Halvorsen Smith a déclaré que le district se préparait pour les tensions d’impact entre les États-Unis et le Canada au cours de la prochaine saison touristique.
Les stations touristiques et autres sites du district comptent traditionnellement sur les vacanciers des États-Unis qui traversent la frontière pour la chasse et la pêche. L’ouvreur de pêche, qui lance la saison des touristes d’été, est toujours dans un mois.

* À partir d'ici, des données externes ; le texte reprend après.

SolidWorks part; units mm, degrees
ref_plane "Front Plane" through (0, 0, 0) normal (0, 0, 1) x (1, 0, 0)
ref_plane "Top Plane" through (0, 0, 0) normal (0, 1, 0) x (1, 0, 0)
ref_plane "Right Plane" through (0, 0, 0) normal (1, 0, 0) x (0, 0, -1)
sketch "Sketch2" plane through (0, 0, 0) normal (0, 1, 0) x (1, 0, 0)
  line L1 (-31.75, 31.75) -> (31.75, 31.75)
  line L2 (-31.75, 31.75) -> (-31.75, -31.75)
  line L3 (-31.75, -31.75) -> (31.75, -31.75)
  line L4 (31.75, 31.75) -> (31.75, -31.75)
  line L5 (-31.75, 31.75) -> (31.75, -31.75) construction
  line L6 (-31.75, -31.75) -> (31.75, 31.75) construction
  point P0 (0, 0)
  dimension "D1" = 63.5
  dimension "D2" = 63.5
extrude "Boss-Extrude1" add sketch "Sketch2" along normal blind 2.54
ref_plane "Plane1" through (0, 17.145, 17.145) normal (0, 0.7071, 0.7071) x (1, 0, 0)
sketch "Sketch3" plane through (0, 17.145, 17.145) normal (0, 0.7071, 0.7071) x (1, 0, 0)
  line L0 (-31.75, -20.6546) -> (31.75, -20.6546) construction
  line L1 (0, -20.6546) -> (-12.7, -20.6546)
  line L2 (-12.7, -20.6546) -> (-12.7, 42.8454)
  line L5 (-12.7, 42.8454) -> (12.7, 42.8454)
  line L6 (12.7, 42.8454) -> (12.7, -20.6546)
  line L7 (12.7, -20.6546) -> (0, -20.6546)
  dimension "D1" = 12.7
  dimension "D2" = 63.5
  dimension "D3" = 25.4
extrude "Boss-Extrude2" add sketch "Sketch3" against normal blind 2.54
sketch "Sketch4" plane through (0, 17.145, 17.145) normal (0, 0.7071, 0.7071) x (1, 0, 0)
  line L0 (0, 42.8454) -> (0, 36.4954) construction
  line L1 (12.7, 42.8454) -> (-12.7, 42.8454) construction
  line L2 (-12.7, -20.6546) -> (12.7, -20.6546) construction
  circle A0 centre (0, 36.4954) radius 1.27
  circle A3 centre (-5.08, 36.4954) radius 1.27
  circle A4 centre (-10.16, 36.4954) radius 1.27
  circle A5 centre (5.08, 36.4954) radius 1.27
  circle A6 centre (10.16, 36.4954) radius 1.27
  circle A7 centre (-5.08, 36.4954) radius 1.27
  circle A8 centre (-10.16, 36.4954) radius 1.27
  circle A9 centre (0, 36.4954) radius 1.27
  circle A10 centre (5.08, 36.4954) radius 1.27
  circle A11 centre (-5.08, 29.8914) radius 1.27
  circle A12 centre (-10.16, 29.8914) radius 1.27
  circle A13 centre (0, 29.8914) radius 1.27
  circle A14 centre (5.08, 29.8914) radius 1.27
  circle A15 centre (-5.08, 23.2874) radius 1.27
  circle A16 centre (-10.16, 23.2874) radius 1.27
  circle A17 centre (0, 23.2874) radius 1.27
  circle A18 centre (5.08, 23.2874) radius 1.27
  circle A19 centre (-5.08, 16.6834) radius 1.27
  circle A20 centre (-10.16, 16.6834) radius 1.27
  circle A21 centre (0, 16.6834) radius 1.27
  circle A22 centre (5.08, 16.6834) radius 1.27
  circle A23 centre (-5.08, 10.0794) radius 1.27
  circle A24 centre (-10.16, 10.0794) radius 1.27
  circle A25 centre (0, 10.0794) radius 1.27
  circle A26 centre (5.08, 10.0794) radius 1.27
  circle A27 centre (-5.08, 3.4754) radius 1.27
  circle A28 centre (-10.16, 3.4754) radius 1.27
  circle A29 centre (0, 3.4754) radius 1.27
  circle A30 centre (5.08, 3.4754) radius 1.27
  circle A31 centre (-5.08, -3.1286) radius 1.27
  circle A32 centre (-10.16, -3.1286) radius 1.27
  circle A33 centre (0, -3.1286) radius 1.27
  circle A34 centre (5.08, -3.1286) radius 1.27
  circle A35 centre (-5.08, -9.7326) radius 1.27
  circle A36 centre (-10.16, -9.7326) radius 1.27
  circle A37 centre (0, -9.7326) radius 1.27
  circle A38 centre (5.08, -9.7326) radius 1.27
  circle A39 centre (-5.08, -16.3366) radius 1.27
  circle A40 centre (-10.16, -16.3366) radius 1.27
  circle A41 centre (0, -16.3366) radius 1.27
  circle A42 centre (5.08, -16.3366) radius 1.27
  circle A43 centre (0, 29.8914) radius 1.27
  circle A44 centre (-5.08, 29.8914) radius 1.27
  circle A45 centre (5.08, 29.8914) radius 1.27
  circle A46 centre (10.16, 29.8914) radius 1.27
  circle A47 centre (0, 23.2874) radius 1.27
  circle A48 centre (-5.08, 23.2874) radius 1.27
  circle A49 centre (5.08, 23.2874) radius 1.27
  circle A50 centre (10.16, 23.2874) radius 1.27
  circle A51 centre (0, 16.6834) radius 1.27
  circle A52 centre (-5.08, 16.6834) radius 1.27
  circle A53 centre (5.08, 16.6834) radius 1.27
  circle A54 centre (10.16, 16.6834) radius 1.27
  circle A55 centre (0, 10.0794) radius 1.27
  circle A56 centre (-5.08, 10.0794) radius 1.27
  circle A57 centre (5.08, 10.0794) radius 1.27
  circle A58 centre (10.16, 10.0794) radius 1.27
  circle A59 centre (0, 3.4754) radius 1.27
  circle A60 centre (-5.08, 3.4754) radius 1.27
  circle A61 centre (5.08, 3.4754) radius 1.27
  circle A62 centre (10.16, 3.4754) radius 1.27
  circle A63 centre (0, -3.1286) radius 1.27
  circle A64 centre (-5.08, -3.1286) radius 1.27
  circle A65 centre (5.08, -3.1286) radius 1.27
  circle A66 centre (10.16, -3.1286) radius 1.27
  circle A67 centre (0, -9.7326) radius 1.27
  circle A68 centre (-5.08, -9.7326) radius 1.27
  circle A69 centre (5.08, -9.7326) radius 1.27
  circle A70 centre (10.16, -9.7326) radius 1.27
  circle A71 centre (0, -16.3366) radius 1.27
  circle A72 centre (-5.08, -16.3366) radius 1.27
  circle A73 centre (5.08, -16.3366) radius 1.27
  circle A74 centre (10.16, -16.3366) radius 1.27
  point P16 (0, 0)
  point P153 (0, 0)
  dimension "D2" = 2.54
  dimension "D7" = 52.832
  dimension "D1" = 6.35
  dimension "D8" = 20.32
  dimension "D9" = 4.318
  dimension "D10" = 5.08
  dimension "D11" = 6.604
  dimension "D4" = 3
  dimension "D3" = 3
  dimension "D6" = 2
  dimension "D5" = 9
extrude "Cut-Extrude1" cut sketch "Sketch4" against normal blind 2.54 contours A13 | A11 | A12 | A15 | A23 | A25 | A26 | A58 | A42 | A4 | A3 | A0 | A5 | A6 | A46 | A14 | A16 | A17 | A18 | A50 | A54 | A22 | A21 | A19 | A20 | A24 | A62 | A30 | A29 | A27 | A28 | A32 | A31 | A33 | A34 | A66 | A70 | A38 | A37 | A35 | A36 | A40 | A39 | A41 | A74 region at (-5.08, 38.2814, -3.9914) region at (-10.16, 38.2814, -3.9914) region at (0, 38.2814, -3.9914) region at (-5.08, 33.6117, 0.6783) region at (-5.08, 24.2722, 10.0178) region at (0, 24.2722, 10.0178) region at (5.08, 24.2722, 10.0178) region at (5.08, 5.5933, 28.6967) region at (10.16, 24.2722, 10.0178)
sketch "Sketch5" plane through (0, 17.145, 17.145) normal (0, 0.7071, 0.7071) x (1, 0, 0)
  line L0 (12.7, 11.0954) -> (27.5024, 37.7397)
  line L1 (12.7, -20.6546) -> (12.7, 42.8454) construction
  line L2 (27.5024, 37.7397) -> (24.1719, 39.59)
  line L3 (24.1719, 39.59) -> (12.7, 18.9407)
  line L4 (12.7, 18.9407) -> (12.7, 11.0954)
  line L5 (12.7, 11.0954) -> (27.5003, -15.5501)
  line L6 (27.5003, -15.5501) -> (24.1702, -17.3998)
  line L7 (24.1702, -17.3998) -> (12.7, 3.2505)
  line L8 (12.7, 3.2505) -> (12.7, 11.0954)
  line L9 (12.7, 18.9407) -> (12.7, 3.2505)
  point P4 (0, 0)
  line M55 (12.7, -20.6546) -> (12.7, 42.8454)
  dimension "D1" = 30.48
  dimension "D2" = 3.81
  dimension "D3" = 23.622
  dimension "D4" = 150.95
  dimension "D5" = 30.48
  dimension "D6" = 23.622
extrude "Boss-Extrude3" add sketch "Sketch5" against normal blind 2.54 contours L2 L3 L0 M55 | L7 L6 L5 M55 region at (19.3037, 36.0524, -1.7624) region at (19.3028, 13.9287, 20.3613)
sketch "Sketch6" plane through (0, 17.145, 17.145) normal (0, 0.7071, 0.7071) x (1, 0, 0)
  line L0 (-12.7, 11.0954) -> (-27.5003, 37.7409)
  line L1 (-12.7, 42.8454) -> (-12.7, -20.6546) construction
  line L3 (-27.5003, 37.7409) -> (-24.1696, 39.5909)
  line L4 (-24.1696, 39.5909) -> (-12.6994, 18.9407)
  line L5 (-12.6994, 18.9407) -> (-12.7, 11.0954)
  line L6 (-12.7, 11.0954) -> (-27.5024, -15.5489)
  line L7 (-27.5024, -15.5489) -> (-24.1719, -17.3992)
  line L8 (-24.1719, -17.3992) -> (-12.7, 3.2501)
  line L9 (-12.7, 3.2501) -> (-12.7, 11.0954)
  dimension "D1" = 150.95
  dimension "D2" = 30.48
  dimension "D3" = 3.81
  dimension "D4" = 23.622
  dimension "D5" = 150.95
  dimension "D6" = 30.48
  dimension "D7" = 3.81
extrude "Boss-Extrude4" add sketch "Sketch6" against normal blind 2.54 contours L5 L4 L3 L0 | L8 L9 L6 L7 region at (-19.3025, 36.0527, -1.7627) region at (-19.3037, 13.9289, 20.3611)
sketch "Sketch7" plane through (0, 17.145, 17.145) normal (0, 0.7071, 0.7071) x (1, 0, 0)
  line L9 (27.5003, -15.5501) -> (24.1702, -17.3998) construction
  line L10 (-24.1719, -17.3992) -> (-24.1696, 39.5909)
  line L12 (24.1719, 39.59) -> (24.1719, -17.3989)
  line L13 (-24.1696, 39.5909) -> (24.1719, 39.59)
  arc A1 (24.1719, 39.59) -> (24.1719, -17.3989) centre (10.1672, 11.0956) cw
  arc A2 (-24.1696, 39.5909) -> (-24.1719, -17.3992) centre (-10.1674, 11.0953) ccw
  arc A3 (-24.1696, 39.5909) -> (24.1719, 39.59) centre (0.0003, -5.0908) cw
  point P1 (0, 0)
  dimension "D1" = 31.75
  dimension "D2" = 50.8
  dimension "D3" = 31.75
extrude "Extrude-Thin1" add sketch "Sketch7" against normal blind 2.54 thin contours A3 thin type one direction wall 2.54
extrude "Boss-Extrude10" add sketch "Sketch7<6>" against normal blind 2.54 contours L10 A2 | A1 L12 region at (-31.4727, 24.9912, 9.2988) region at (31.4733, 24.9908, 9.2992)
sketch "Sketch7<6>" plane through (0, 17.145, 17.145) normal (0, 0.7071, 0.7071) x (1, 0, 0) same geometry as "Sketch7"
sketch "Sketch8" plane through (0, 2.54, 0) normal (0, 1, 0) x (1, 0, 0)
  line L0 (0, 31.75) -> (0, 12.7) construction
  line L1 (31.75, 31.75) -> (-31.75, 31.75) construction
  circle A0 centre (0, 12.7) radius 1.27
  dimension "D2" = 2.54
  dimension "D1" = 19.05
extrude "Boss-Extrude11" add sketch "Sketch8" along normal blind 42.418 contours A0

«Les gens ici changent leurs plans de vacances maintenant», a déclaré Halvorsen Smith. «Mais nous n’avons pas vu quel effet cela aura sur le tourisme à venir vers le nord.
«Nous aimons nos touristes américains, et nos villes sont assez occupées en été. Je déteste voir ça aller, et j’espère que ce n’est pas le cas.»
Ces dernières années, les stations touristiques de la région ont subi un certain nombre de défis, notamment des restrictions pendant la pandémie, suivie d’une année d’inondations importantes, a déclaré Halvorsen Smith.
En plus d’être une pression sur les entreprises locales, des tarifs accrus et moins de perméabilité à la frontière ont également fait pression sur les résidents locaux et les relations internationales de toutes sortes.
«Ce sont nos villes sœurs et nous travaillons bien ensemble», a déclaré Halvorsen Smith. «Nous avons toujours soutenu les entreprises locales, même si ce ne sont pas des marchés canadiens, car ce sont nos amis et nos familles là-bas. Nous ne le considérons pas comme un tout autre pays; nous les considérons comme nos amis de l’autre côté des chutes.»